Der Plangeber hat es zudem unterlassen zwischen dem rechtlichen Regime von harten und weichen Tabuzonen in Bezug auf die Siedlungsabstände zu unterscheiden. Während Mindestabstände zu Wohnnutzungen rechtlich zwingend erforderlich sind, kommt es beim Vorsorgeabstand allein auf den planerischen Gestaltungswillen des Plangebers an. Die regionale Planungsgemeinschaft Uckermark-Barnim hat jedoch den „harten“ Mindestabstand zu Siedlungsgebieten mit dem „weichen“ Vorsorgeabstand zu Siedlungsgebieten kombiniert und lediglich einen einheitlichen Siedlungsabstand von 800 m festgesetzt. Auch fehlt eine differenzierte Auseinandersetzung der jeweiligen Schutzbedürftigkeit der einzelnen Siedlungsgebiete (reine oder allgemeine Wohngebiete, Dorf- und Mischgebiete, vgl. Ziffer 6.1 der TA Lärm). Ein schlüssiges gesamträumliches Plankonzept kann für den Teilregionalplan Uckermark-Barnim demnach schon nicht angenommen werden.
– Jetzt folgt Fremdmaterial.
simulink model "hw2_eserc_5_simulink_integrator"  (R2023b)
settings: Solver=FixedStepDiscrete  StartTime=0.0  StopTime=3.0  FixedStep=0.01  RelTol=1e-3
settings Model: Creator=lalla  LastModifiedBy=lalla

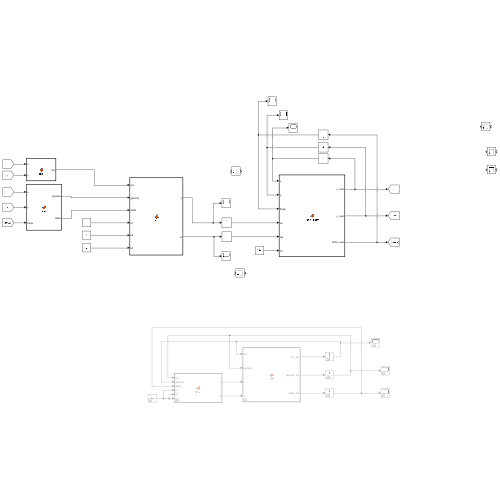
[thumbnail: Simulink's stored preview of the top-level diagram]
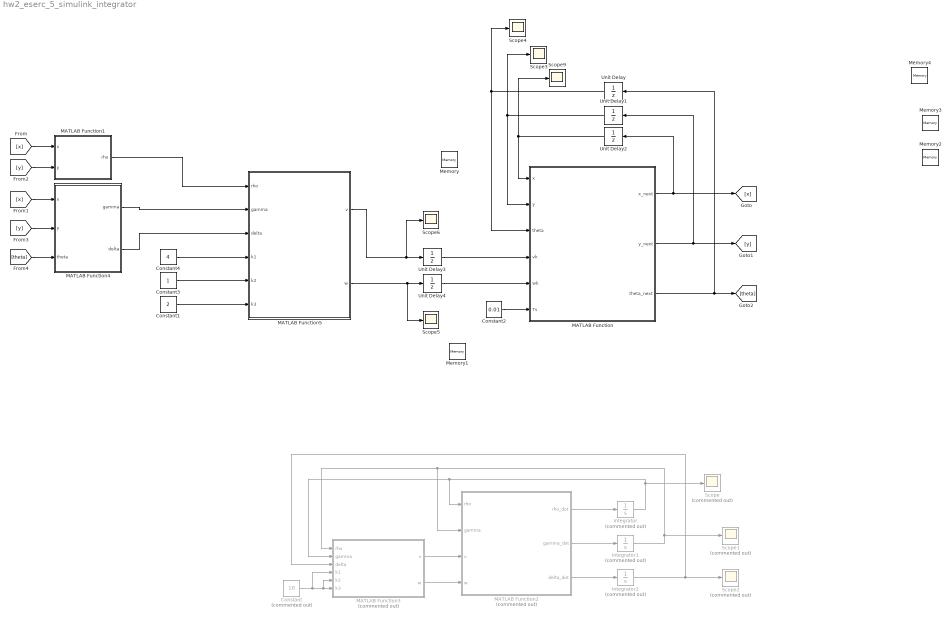
== system hw2_eserc_5_simulink_integrator ==
  Constant : Constant  Commented=on  Value=10
  Constant1 : Constant  Value=2
  Constant2 : Constant  Value=0.01
  Constant3 : Constant
  Constant4 : Constant  Value=4
  Integrator : Integrator  Commented=on  InitialCondition=10
  Integrator1 : Integrator  Commented=on  InitialCondition=pi
  Integrator2 : Integrator  Commented=on
  MATLAB Function : MATLAB Function  Tag=inte  TreatAsAtomicUnit=on
  MATLAB Function1 : MATLAB Function  TreatAsAtomicUnit=on
  MATLAB Function2 : MATLAB Function  Commented=on  TreatAsAtomicUnit=on
  MATLAB Function3 : MATLAB Function  Commented=on  TreatAsAtomicUnit=on
  MATLAB Function4 : MATLAB Function  TreatAsAtomicUnit=on
  MATLAB Function5 : MATLAB Function  TreatAsAtomicUnit=on
  Memory : Memory
  Memory1 : Memory
  Memory2 : Memory  InitialCondition=1
  Memory3 : Memory  InitialCondition=1
  Memory4 : Memory  InitialCondition=pi/4
  Scope : Scope  Commented=on
  Scope1 : Scope  Commented=on
  Scope2 : Scope  Commented=on
  Scope{3..6,9} (5 alike) : Scope
  Unit Delay : UnitDelay  InitialCondition=pi/4  SampleTime=-1  HasFrameUpgradeWarning=on
  Unit Delay1 : UnitDelay  InitialCondition=1  SampleTime=-1  HasFrameUpgradeWarning=on
  Unit Delay2 : UnitDelay  InitialCondition=1  SampleTime=-1  HasFrameUpgradeWarning=on
  Unit Delay3 : UnitDelay  SampleTime=-1  HasFrameUpgradeWarning=on
  Unit Delay4 : UnitDelay  SampleTime=-1  HasFrameUpgradeWarning=on
  wires:
  MATLAB Function/1(x_next) -> Unit Delay2/1, [x]
  MATLAB Function/2(y_next) -> Unit Delay1/1, [y]
  MATLAB Function2/3(delta_dot) -> Integrator2/1
  MATLAB Function2/2(gamma_dot) -> Integrator1/1
  MATLAB Function2/1(rho_dot) -> Integrator/1
  Integrator2/1 -> Scope2/1, MATLAB Function3/3(delta)
  Integrator/1 -> Scope/1, MATLAB Function3/2(gamma), MATLAB Function2/1(rho)
  Integrator1/1 -> Scope1/1, MATLAB Function3/1(rho), MATLAB Function2/2(gamma)
  MATLAB Function3/1(v) -> MATLAB Function2/3(v)
  MATLAB Function3/2(w) -> MATLAB Function2/4(w)
  Constant/1 -> MATLAB Function3/4(k1), MATLAB Function3/5(k2), MATLAB Function3/6(k3)
  MATLAB Function/3(theta_next) -> Unit Delay/1, [theta]
  MATLAB Function4/1(gamma) -> MATLAB Function5/2(gamma)
  MATLAB Function1/1(rho) -> MATLAB Function5/1(rho)
  MATLAB Function4/2(delta) -> MATLAB Function5/3(delta)
  Constant1/1 -> MATLAB Function5/6(k3)
  MATLAB Function5/2(w) -> Unit Delay4/1, Scope5/1
  MATLAB Function5/1(v) -> Unit Delay3/1, Scope6/1
  Unit Delay/1 -> Scope4/1, MATLAB Function/3(theta)
  Unit Delay1/1 -> Scope3/1, MATLAB Function/2(y)
  Unit Delay2/1 -> Scope9/1, MATLAB Function/1(x)
  Unit Delay4/1 -> MATLAB Function/5(wk)
  Unit Delay3/1 -> MATLAB Function/4(vk)
  Constant2/1 -> MATLAB Function/6(Ts)
  [x] -> MATLAB Function1/1(x)
  [x] -> MATLAB Function4/1(x)
  [y] -> MATLAB Function1/2(y)
  [y] -> MATLAB Function4/2(y)
  [theta] -> MATLAB Function4/3(theta)
  Constant3/1 -> MATLAB Function5/5(k2)
  Constant4/1 -> MATLAB Function5/4(k1)

== matlab function hw2_eserc_5_simulink_integrator/MATLAB Function1 ==
  data: x input; rho output; y input
function rho = fcn(x,y)
rho = sqrt(x^2 + y^2);

== matlab function hw2_eserc_5_simulink_integrator/MATLAB Function ==
  data: x input; x_next output; y input; theta input; vk input; wk input; Ts input; y_next output; theta_next output
function [x_next,y_next,theta_next] = Ruge_kutta(x,y,theta,vk,wk,Ts)
x_next = x +vk*Ts*cos(theta+wk*Ts/2);
y_next = y +vk*Ts*sin(theta+wk*Ts/2);
theta_next = theta + wk*Ts;

== matlab function hw2_eserc_5_simulink_integrator/MATLAB Function2 ==
  data: rho input; rho_dot output; gamma input; v input; w input; gamma_dot output; delta_dot output
function [rho_dot, gamma_dot, delta_dot] = fcn(rho,gamma,v,w)
rho_dot = -v*cos(gamma);
gamma_dot = sin(gamma)*v/rho - w;
delta_dot = sin(gamma)*v/rho;

== matlab function hw2_eserc_5_simulink_integrator/MATLAB Function3 ==
  data: rho input; v output; gamma input; delta input; k1 input; k2 input; k3 input; w output
function [v,w] = fcn(rho,gamma,delta,k1,k2,k3)
v=k1*rho*cos(gamma);
w=k2*gamma+k1*sin(gamma)*cos(gamma)*(1+k3*delta/gamma);

== matlab function hw2_eserc_5_simulink_integrator/MATLAB Function4 ==
  data: x input; gamma output; y input; theta input; delta output
function [gamma,delta] = fcn(x,y,theta)
gamma = atan2(y,x) - theta + pi;
delta = atan2(y,x) + pi;

== matlab function hw2_eserc_5_simulink_integrator/MATLAB Function5 ==
  data: rho input; v output; gamma input; delta input; k1 input; k2 input; k3 input; w output
function [v,w] = fcn(rho,gamma,delta,k1,k2,k3)
v=k1*rho*cos(gamma);
w=k2*gamma+k1*sin(gamma)*cos(gamma)*(1+k3*delta/gamma);

Schließlich verschafft der Teilregionalplan Uckermark-Barnim der Windenergie auch keinen substanziellen Raum. Lediglich 3,5 % des Plangebietes im Verhältnis zur Gesamtfläche nach Abzug der harten Tabukriterien werden für die Windenergienutzung freigegeben. Bereits das OVG Münster hat in seiner Entscheidung vom 22.09.2015 (10 D 82/13.NE) in Anlehnung an eine frühere Entscheidung des VG Hannover (Urt. v. 24.11.2011 (4 A 4927/09) jedoch einen Richtwert für das eben genannte Flächenverhältnis von 10 % herangezogen. Explizit verneint das OVG Münster in dieser Entscheidung das substanzielle Raumschaffen bei einem Wert von lediglich 3,4 %. Dies muss schließlich auch für die Ausweisung der Windvorranggebiete des Teilregionalplans Uckermark-Barnim gelten: Ein Substanzielles Raumschaffen für die Windenergienutzung fand hier nicht statt.
Bereits die hier genannten Punkte lassen auf die Rechtswidrigkeit des sachlichen Teilregionalplans „Windnutzung, Rohstoffsicherung und -gewinnung“ 2016 und damit auf die Gesamtunwirksamkeit des Regionalplanes schließen.
II. Weiterer Gang des Verfahrens & Auswirkungen
Inwieweit sich das OVG Berlin-Brandenburg auf die hier vorgebrachten Rechtswidrigkeitsgründe in seiner erwarteten Entscheidung beziehen wird, bleibt abzuwarten. Dass das Gericht der obigen Argumentation folgen wird, steht zu vermuten. Festgehalten werden kann jedoch, dass es der Politik nach wie vor nicht gelingt, der ihr übertragenen Aufgabe der Raumordnung und des Klimaschutzes in zulässiger und verantwortungsvoller Weise nachzukommen. Vielmehr gehört es mittlerweile zum Alltag, dass diese Aufgabe durch die Justiz übernommen wird. Es muss ein Wandel hin zu einer gesellschaftlichen Entscheidung für den Klimaschutz geben. Vor allem hat die Politik endlich ihre Aufgabe den Klimaschutz über die Raumplanung zu integrieren, zu erfüllen.